Le nouvel apport maximal tolérable est de 255 mcg par jour pour les adultes y compris les femmes enceintes et allaitantes (contre 300 microgrammes auparavant).
Le groupe d'experts précise qu'il est peu probable que les consommateurs adultes dépassent la LSS, à l'exception des utilisateurs réguliers de suppléments alimentaires contenant des doses quotidiennes élevées de sélénium ou des consommateurs réguliers de noix du Brésil.
⚠️ Les compléments contenant du sélénium pour les tout-petits et les enfants (mais en prévention croisée pour les femmes enceintes et allaitantes pourrait-on rajouter) devraient être utilisés avec prudence en fonction des besoins individuels.
Des revues systématiques de la littérature ont été menées pour identifier les preuves concernant l'apport excessif en sélénium et les effets cliniques ainsi que les biomarqueurs potentiels d'effet, le risque de maladies chroniques et le développement neuropsychologique altéré chez l'homme.

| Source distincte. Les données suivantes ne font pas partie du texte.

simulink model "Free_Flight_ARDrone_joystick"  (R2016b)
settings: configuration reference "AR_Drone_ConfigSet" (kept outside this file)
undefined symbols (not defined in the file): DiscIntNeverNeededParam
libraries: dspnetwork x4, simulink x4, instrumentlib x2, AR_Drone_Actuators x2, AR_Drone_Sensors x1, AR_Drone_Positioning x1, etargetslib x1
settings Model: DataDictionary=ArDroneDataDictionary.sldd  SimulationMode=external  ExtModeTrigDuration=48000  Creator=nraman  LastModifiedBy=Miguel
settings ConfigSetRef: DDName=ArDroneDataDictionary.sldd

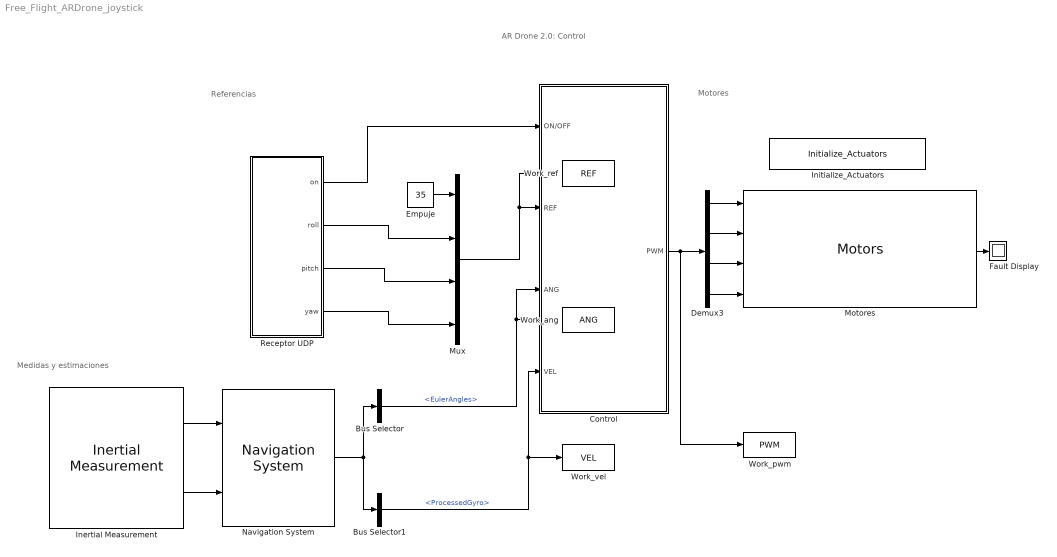
== system Free_Flight_ARDrone_joystick ==
  note: AR Drone 2.0: Control
  note: Motores
  note: Medidas y estimaciones
  note: Referencias
  Bus Selector : BusSelector  OutputSignals=EulerAngles
  Bus Selector1 : BusSelector  OutputSignals=ProcessedGyro
  Control : Subsystem
  Demux3 : Demux
  Empuje : Constant  Value=35
  Fault Display : Display
  Inertial Measurement : AR_Drone_Sensors/Inertial Measurement  Ts=1/400
  Initialize_Actuators : AR_Drone_Actuators/Initialize_Actuators  ShowSpec=on
  Motores : AR_Drone_Actuators/Motors
  Mux : Mux
  Navigation System : AR_Drone_Positioning/Navigation System
  Receptor UDP : Subsystem
  Work_ang : ToWorkspace  VariableName=ANG  SaveFormat=Structure With Time  SampleTime=0.0025
  Work_pwm : ToWorkspace  VariableName=PWM  SaveFormat=Structure With Time  SampleTime=0.0025
  Work_ref : ToWorkspace  VariableName=REF  SaveFormat=Structure With Time  SampleTime=0.0025
  Work_vel : ToWorkspace  VariableName=VEL  SaveFormat=Structure With Time  SampleTime=0.0025
  wires:
  Motores/1 -> Fault Display/1
  Demux3/1 -> Motores/1
  Demux3/2 -> Motores/2
  Demux3/3 -> Motores/3
  Demux3/4 -> Motores/4
  Inertial Measurement/1 -> Navigation System/1
  Inertial Measurement/2 -> Navigation System/2
  Navigation System/1 -> Bus Selector1/1, Bus Selector/1
  Bus Selector/1 -> Work_ang/1, Control/3(ANG)  "<EulerAngles>"
  Control/1(PWM) -> Work_pwm/1, Demux3/1
  Receptor UDP/1(on) -> Control/1(ON/OFF)
  Empuje/1 -> Mux/1
  Bus Selector1/1 -> Work_vel/1, Control/4(VEL)  "<ProcessedGyro>"
  Mux/1 -> Work_ref/1, Control/2(REF)
  Receptor UDP/2(roll) -> Mux/2
  Receptor UDP/3(pitch) -> Mux/3
  Receptor UDP/4(yaw) -> Mux/4

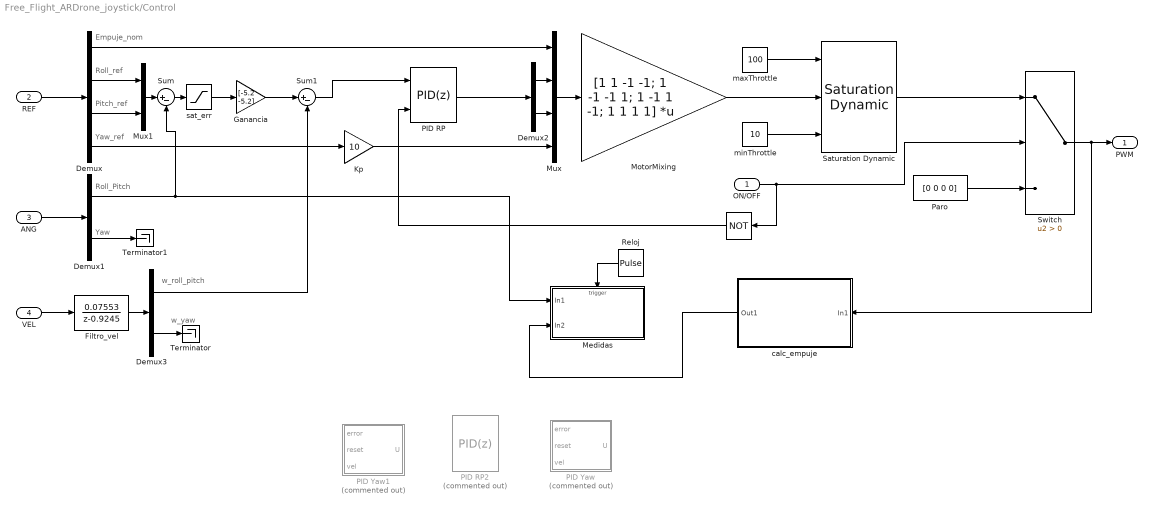
== system Free_Flight_ARDrone_joystick/Control ==
  note: Empuje_nom
  note: Roll_ref
  note: Pitch_ref
  note: Yaw_ref
  note: Roll_Pitch
  note: Yaw
  note: w_roll_pitch
  note: w_yaw
  ON/OFF : Inport
  REF : Inport  Port=2
  ANG : Inport  Port=3
  VEL : Inport  Port=4
  " " : Logic  Operator=NOT  AllPortsSameDT=off  OutDataTypeStr=boolean
  Demux : Demux
  Demux1 : Demux  Outputs=[2 1]
  Demux2 : Demux  Outputs=2
  Demux3 : Demux  Outputs=[2 1]
  Filtro_vel : DiscreteTransferFcn  Numerator=[0.07553]  Denominator=[1 -0.9245]
  Ganancia : Gain  Gain=[-5.2 -5.2]
  Kp : Gain  Gain=10
  Medidas : Subsystem
  MotorMixing : Gain  Gain=[1 1 -1 -1; 1 -1 -1 1; 1 -1 1 -1; 1 1 1 1]  Multiplication=Matrix(K*u)  ParamDataTypeStr=int16  OutDataTypeStr=int16
  Mux : Mux
  Mux1 : Mux  Inputs=2
  PID RP : simulink/Continuous/PID Controller  Controller=PID  TimeDomain=Discrete-time  SampleTime=-1  IntegratorMethod=Forward Euler  FilterMethod=Forward Euler  Form=Parallel  UseFilter=on  ControllerParametersSource=internal  P=0.5  I=0.3  D=-0.04  N=5  InitialConditionSource=internal  InitialConditionForIntegrator=0  InitialConditionForFilter=0  ExternalReset=level  LimitOutput=on  UpperSaturationLimit=30  LowerSaturationLimit=-30  LinearizeAsGain=on  AntiWindupMode=clamping  Kb=1  TrackingMode=off  Kt=1  PParamMin=[]  PParamMax=[]  IParamMin=[]  IParamMax=[]  DParamMin=[]  DParamMax=[]  NParamMin=[]  NParamMax=[]  KbParamMin=[]  KbParamMax=[]  KtParamMin=[]  KtParamMax=[]  POutMin=[]  POutMax=[]  IOutMin=[]  IOutMax=[]  DOutMin=[]  DOutMax=[]  NOutMin=[]  NOutMax=[]  KbOutMin=[]  KbOutMax=[]  KtOutMin=[]  KtOutMax=[]  IntegratorOutMin=[]  IntegratorOutMax=[]  FilterOutMin=[]  FilterOutMax=[]  SumOutMin=[]  SumOutMax=[]  SumI1OutMin=[]  SumI1OutMax=[]  SumI2OutMin=[]  SumI2OutMax=[]  SumI3OutMin=[]  SumI3OutMax=[]  SumDOutMin=[]  SumDOutMax=[]  SaturationOutMin=[]  SaturationOutMax=[]  IntegratorContinuousStateAttributes=''  IntegratorStateMustResolveToSignalObject=off  IntegratorRTWStateStorageClass=Auto  FilterContinuousStateAttributes=''  FilterStateMustResolveToSignalObject=off  FilterRTWStateStorageClass=Auto  DifferentiatorICPrevScaledInput=0  DifferentiatorOutMin=[]  DifferentiatorOutMax=[]
  PID RP2 : simulink/Continuous/PID Controller  Commented=on  Controller=PID  TimeDomain=Discrete-time  SampleTime=-1  IntegratorMethod=Forward Euler  FilterMethod=Forward Euler  Form=Parallel  UseFilter=on  ControllerParametersSource=internal  P=0.4  I=0.25  D=-0.05  N=5  InitialConditionSource=internal  InitialConditionForIntegrator=0  InitialConditionForFilter=0  ExternalReset=level  LimitOutput=on  UpperSaturationLimit=30  LowerSaturationLimit=-30  LinearizeAsGain=on  AntiWindupMode=clamping  Kb=1  TrackingMode=off  Kt=1  PParamMin=[]  PParamMax=[]  IParamMin=[]  IParamMax=[]  DParamMin=[]  DParamMax=[]  NParamMin=[]  NParamMax=[]  KbParamMin=[]  KbParamMax=[]  KtParamMin=[]  KtParamMax=[]  POutMin=[]  POutMax=[]  IOutMin=[]  IOutMax=[]  DOutMin=[]  DOutMax=[]  NOutMin=[]  NOutMax=[]  KbOutMin=[]  KbOutMax=[]  KtOutMin=[]  KtOutMax=[]  IntegratorOutMin=[]  IntegratorOutMax=[]  FilterOutMin=[]  FilterOutMax=[]  SumOutMin=[]  SumOutMax=[]  SumI1OutMin=[]  SumI1OutMax=[]  SumI2OutMin=[]  SumI2OutMax=[]  SumI3OutMin=[]  SumI3OutMax=[]  SumDOutMin=[]  SumDOutMax=[]  SaturationOutMin=[]  SaturationOutMax=[]  IntegratorContinuousStateAttributes=''  IntegratorStateMustResolveToSignalObject=off  IntegratorRTWStateStorageClass=Auto  FilterContinuousStateAttributes=''  FilterStateMustResolveToSignalObject=off  FilterRTWStateStorageClass=Auto  DifferentiatorICPrevScaledInput=0  DifferentiatorOutMin=[]  DifferentiatorOutMax=[]
  PID Yaw : Subsystem  Commented=on
  PID Yaw1 : Subsystem  Commented=on
  Paro : Constant  Value=[0 0 0 0]  OutDataTypeStr=int16
  Reloj : DiscretePulseGenerator  PulseType=Time based  Period=0.1  PulseWidth=50
  Saturation Dynamic : simulink/Discontinuities/Saturation Dynamic  OutMin=[]  OutMax=[]  OutDataTypeStr=Inherit: Same as second input  OutDataType=fixdt(1, 16)  OutScaling=2^-10  DoSatur=off
  Sum : Sum  Inputs=|+-
  Sum1 : Sum  Inputs=|+-
  Switch : Switch  Criteria=u2 > Threshold
  Terminator : Terminator
  Terminator1 : Terminator
  calc_empuje : Subsystem
  maxThrottle : Constant  Value=100  OutDataTypeStr=int16  SampleTime=-1
  minThrottle : Constant  Value=10  OutDataTypeStr=int16
  sat_err : Saturate  UpperLimit=[20 20]  LowerLimit=[-20 -20]
  PWM : Outport
  wires:
  MotorMixing/1 -> Saturation Dynamic/2
  Paro/1 -> Switch/3
  ON/OFF/1 -> " "/1, Switch/2
  Saturation Dynamic/1 -> Switch/1
  Mux/1 -> MotorMixing/1
  Switch/1 -> calc_empuje/1(In1), PWM/1
  minThrottle/1 -> Saturation Dynamic/3
  maxThrottle/1 -> Saturation Dynamic/1
  Demux/1 -> Mux/1
  ANG/1 -> Demux1/1
  VEL/1 -> Filtro_vel/1
  Kp/1 -> Mux/4
  Demux/2 -> Mux1/1
  Demux/3 -> Mux1/2
  Mux1/1 -> Sum/1
  Demux1/1 -> Sum/2, Medidas/1(In1)
  Demux/4 -> Kp/1
  sat_err/1 -> Ganancia/1
  Demux2/1 -> Mux/2
  Demux2/2 -> Mux/3
  Ganancia/1 -> Sum1/1
  Sum1/1 -> PID RP/1
  Sum/1 -> sat_err/1
  " "/1 -> PID RP/2
  PID RP/1 -> Demux2/1
  Demux3/1 -> Sum1/2
  Reloj/1 -> Medidas/Trigger
  calc_empuje/1(Out1) -> Medidas/2(In2)
  Filtro_vel/1 -> Demux3/1
  REF/1 -> Demux/1
  Demux3/2 -> Terminator/1
  Demux1/2 -> Terminator1/1

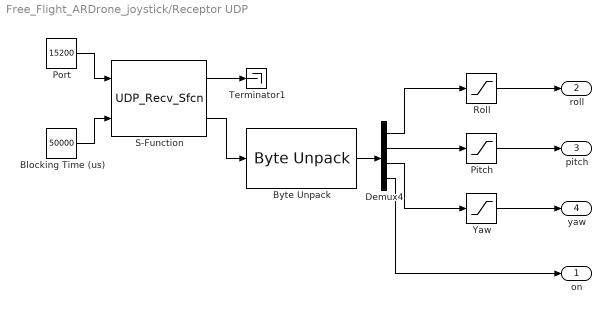
== system Free_Flight_ARDrone_joystick/Receptor UDP ==
  Blocking Time (us) : Constant  Value=50000  OutDataTypeStr=double
  Byte Unpack : etargetslib/Byte Unpack  dimensions={[4]}  datatypes={'double'}  byteAlign=1
  Demux4 : Demux
  Pitch : Saturate  UpperLimit=20  LowerLimit=-20
  Port : Constant  Value=15200  OutDataTypeStr=int32
  Roll : Saturate  UpperLimit=20  LowerLimit=-20
  S-Function : S-Function  FunctionName=UDP_Recv_Sfcn  Parameters=0.1  SFunctionDeploymentMode=off  EnableBusSupport=off
  Terminator1 : Terminator
  Yaw : Saturate  UpperLimit=1  LowerLimit=-1
  on : Outport
  roll : Outport  Port=2
  pitch : Outport  Port=3
  yaw : Outport  Port=4
  wires:
  Blocking Time (us)/1 -> S-Function/2
  S-Function/2 -> Byte Unpack/1
  Demux4/2 -> Pitch/1
  Demux4/1 -> Roll/1
  Demux4/4 -> on/1
  S-Function/1 -> Terminator1/1
  Byte Unpack/1 -> Demux4/1
  Demux4/3 -> Yaw/1
  Port/1 -> S-Function/1
  Roll/1 -> roll/1
  Pitch/1 -> pitch/1
  Yaw/1 -> yaw/1

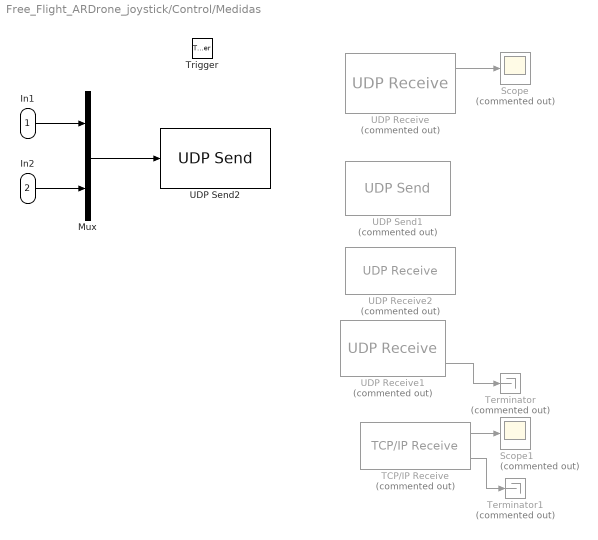
== system Free_Flight_ARDrone_joystick/Control/Medidas ==
  In1 : Inport
  In2 : Inport  Port=2
  Trigger : TriggerPort  VariantControl=Variant  PortDimensions=1
  Mux : Mux  Inputs=2
  Scope : Scope  Commented=on
  Scope1 : Scope  Commented=on
  TCP/IP Receive : instrumentlib/TCP//IP Receive  Commented=on  Host=192.168.1.2  Port=23  DataSize=[1 1]  EnableBlockingMode=off  Timeout=10  SampleTime=-1  DataType=double  ByteOrder=BigEndian
  Terminator : Terminator  Commented=on
  Terminator1 : Terminator  Commented=on
  UDP Receive : dspnetwork/UDP Receive  Commented=on  localURL='0.0.0.0'  localPort=51600  remoteURL='0.0.0.0'  remotePort=-1  recvBufferSize=32  dims=8  signalDatatype=uint8  isVarSize=off  showBlockingTime=on  blockingTime=0.1  sampletime=-1  blockPlatform=HOST
  UDP Receive1 : dspnetwork/UDP Receive  Priority=2  Commented=on  localURL='0.0.0.0'  localPort=50001  remoteURL='192.168.1.2'  remotePort=-1  recvBufferSize=16  dims=2  signalDatatype=double  isVarSize=off  showBlockingTime=off  blockingTime=0  sampletime=-1
  UDP Receive2 : instrumentlib/UDP Receive  Priority=2  Commented=on  Host=127.0.0.1  Port=36864  LocalPort=36880  DataSize=8  EnableBlockingMode=off  Timeout=10  SampleTime=-1  DataType=double  ByteOrder=LittleEndian
  UDP Send1 : dspnetwork/UDP Send  Commented=on  remoteURL='192.168.1.2'  remotePort=50000  localURL='0.0.0.0'  localPortSource=Automatically determine  localPort=2048  sampletime=-1  separateLengthPort=0
  UDP Send2 : dspnetwork/UDP Send  remoteURL='192.168.1.2'  remotePort=50000  localURL='0.0.0.0'  localPortSource=Automatically determine  localPort=-1  sampletime=-1  blockPlatform=HOST  separateLengthPort=0
  wires:
  TCP/IP Receive/1 -> Scope1/1
  TCP/IP Receive/2 -> Terminator1/1
  UDP Receive1/2 -> Terminator/1
  UDP Receive/1 -> Scope/1
  In1/1 -> Mux/1
  In2/1 -> Mux/2
  Mux/1 -> UDP Send2/1

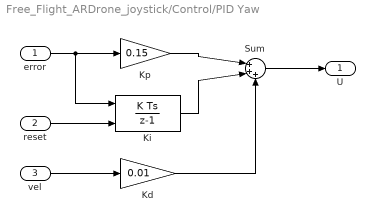
== system Free_Flight_ARDrone_joystick/Control/PID Yaw ==
  error : Inport
  reset : Inport  Port=2
  vel : Inport  Port=3
  Kd : Gain  Gain=0.01
  Ki : DiscreteIntegrator  gainval=0.1  ExternalReset=level  InitialConditionSetting=State (most efficient)  SampleTime=-1  LimitOutput=on  UpperSaturationLimit=10  LowerSaturationLimit=-10  ICPrevOutput=DiscIntNeverNeededParam  ICPrevScaledInput=DiscIntNeverNeededParam
  Kp : Gain  Gain=0.15
  Sum : Sum  Inputs=|+++
  U : Outport
  wires:
  error/1 -> Ki/1, Kp/1
  Ki/1 -> Sum/2
  reset/1 -> Ki/2
  vel/1 -> Kd/1
  Kd/1 -> Sum/3
  Kp/1 -> Sum/1
  Sum/1 -> U/1

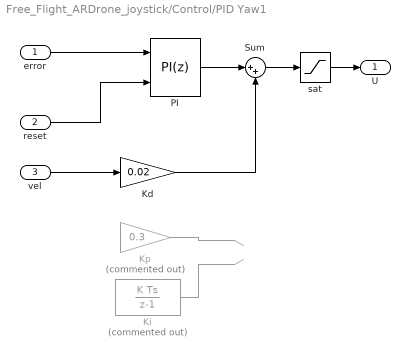
== system Free_Flight_ARDrone_joystick/Control/PID Yaw1 ==
  error : Inport
  reset : Inport  Port=2
  vel : Inport  Port=3
  Kd : Gain  Gain=0.02
  Ki : DiscreteIntegrator  Commented=on  gainval=0.3  ExternalReset=level  InitialConditionSetting=State (most efficient)  SampleTime=-1  LimitOutput=on  UpperSaturationLimit=10  LowerSaturationLimit=-10  ICPrevOutput=DiscIntNeverNeededParam  ICPrevScaledInput=DiscIntNeverNeededParam
  Kp : Gain  Commented=on  Gain=0.3
  PI : simulink/Continuous/PID Controller  Controller=PI  TimeDomain=Discrete-time  SampleTime=-1  IntegratorMethod=Forward Euler  FilterMethod=Forward Euler  Form=Parallel  UseFilter=on  ControllerParametersSource=internal  P=0.3  I=0.3  D=-0.05  N=5  InitialConditionSource=internal  InitialConditionForIntegrator=0  InitialConditionForFilter=0  ExternalReset=level  LimitOutput=on  UpperSaturationLimit=20  LowerSaturationLimit=-20  LinearizeAsGain=on  AntiWindupMode=clamping  Kb=1  TrackingMode=off  Kt=1  PParamMin=[]  PParamMax=[]  IParamMin=[]  IParamMax=[]  DParamMin=[]  DParamMax=[]  NParamMin=[]  NParamMax=[]  KbParamMin=[]  KbParamMax=[]  KtParamMin=[]  KtParamMax=[]  POutMin=[]  POutMax=[]  IOutMin=[]  IOutMax=[]  DOutMin=[]  DOutMax=[]  NOutMin=[]  NOutMax=[]  KbOutMin=[]  KbOutMax=[]  KtOutMin=[]  KtOutMax=[]  IntegratorOutMin=[]  IntegratorOutMax=[]  FilterOutMin=[]  FilterOutMax=[]  SumOutMin=[]  SumOutMax=[]  SumI1OutMin=[]  SumI1OutMax=[]  SumI2OutMin=[]  SumI2OutMax=[]  SumI3OutMin=[]  SumI3OutMax=[]  SumDOutMin=[]  SumDOutMax=[]  SaturationOutMin=[]  SaturationOutMax=[]  IntegratorContinuousStateAttributes=''  IntegratorStateMustResolveToSignalObject=off  IntegratorRTWStateStorageClass=Auto  FilterContinuousStateAttributes=''  FilterStateMustResolveToSignalObject=off  FilterRTWStateStorageClass=Auto  DifferentiatorICPrevScaledInput=0  DifferentiatorOutMin=[]  DifferentiatorOutMax=[]
  Sum : Sum  Inputs=|++
  sat : Saturate  UpperLimit=20  LowerLimit=-20
  U : Outport
  wires:
  error/1 -> PI/1
  reset/1 -> PI/2
  vel/1 -> Kd/1
  Kd/1 -> Sum/2
  Sum/1 -> sat/1
  sat/1 -> U/1
  Ki/1 -> ?
  Kp/1 -> ?
  PI/1 -> Sum/1

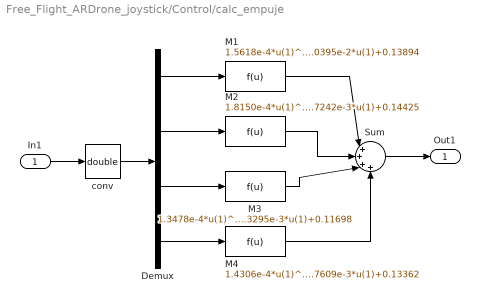
== system Free_Flight_ARDrone_joystick/Control/calc_empuje ==
  In1 : Inport
  Demux : Demux
  M1 : Fcn  Expr=1.5618e-4*u(1)^2+1.0395e-2*u(1)+0.13894
  M2 : Fcn  Expr=1.8150e-4*u(1)^2+8.7242e-3*u(1)+0.14425
  M3 : Fcn  Expr=1.3478e-4*u(1)^2+7.3295e-3*u(1)+0.11698
  M4 : Fcn  Expr=1.4306e-4*u(1)^2+5.7609e-3*u(1)+0.13362
  Sum : Sum  Inputs=|++++
  conv : DataTypeConversion  OutDataTypeStr=double  RndMeth=Nearest
  Out1 : Outport
  wires:
  Demux/1 -> M1/1
  Demux/2 -> M2/1
  Demux/3 -> M3/1
  Demux/4 -> M4/1
  M1/1 -> Sum/1
  M2/1 -> Sum/2
  M3/1 -> Sum/3
  M4/1 -> Sum/4
  Sum/1 -> Out1/1
  conv/1 -> Demux/1
  In1/1 -> conv/1

L'alopécie, en tant que caractéristique observable précoce et effet indésirable bien établi de l'exposition excessive au sélénium, est sélectionnée comme critère critique sur lequel baser une limite supérieure tolérable pour le sélénium.
Remarque complémentaire concernant le sélénium (issue du module 4) :
Selon sa forme chimique, le sélénium (Se) est un oligo-élément avec une fourchette étroite entre besoin et toxicité pour la plupart des vertébrés (marge thérapeutique étroite).
Les critères d'évaluation traditionnels de la toxicité du Se comprennent la réduction de la croissance, de l'apport alimentaire et du stress oxydatif, tandis que des découvertes plus récentes décrivent une perturbation de la synthèse des acides gras comme un mécanisme toxique sous-jacent (niveaux bas d'acides gras libres, de monoacylglycérols et de diacylglycérols ainsi que des endocannabinoïdes).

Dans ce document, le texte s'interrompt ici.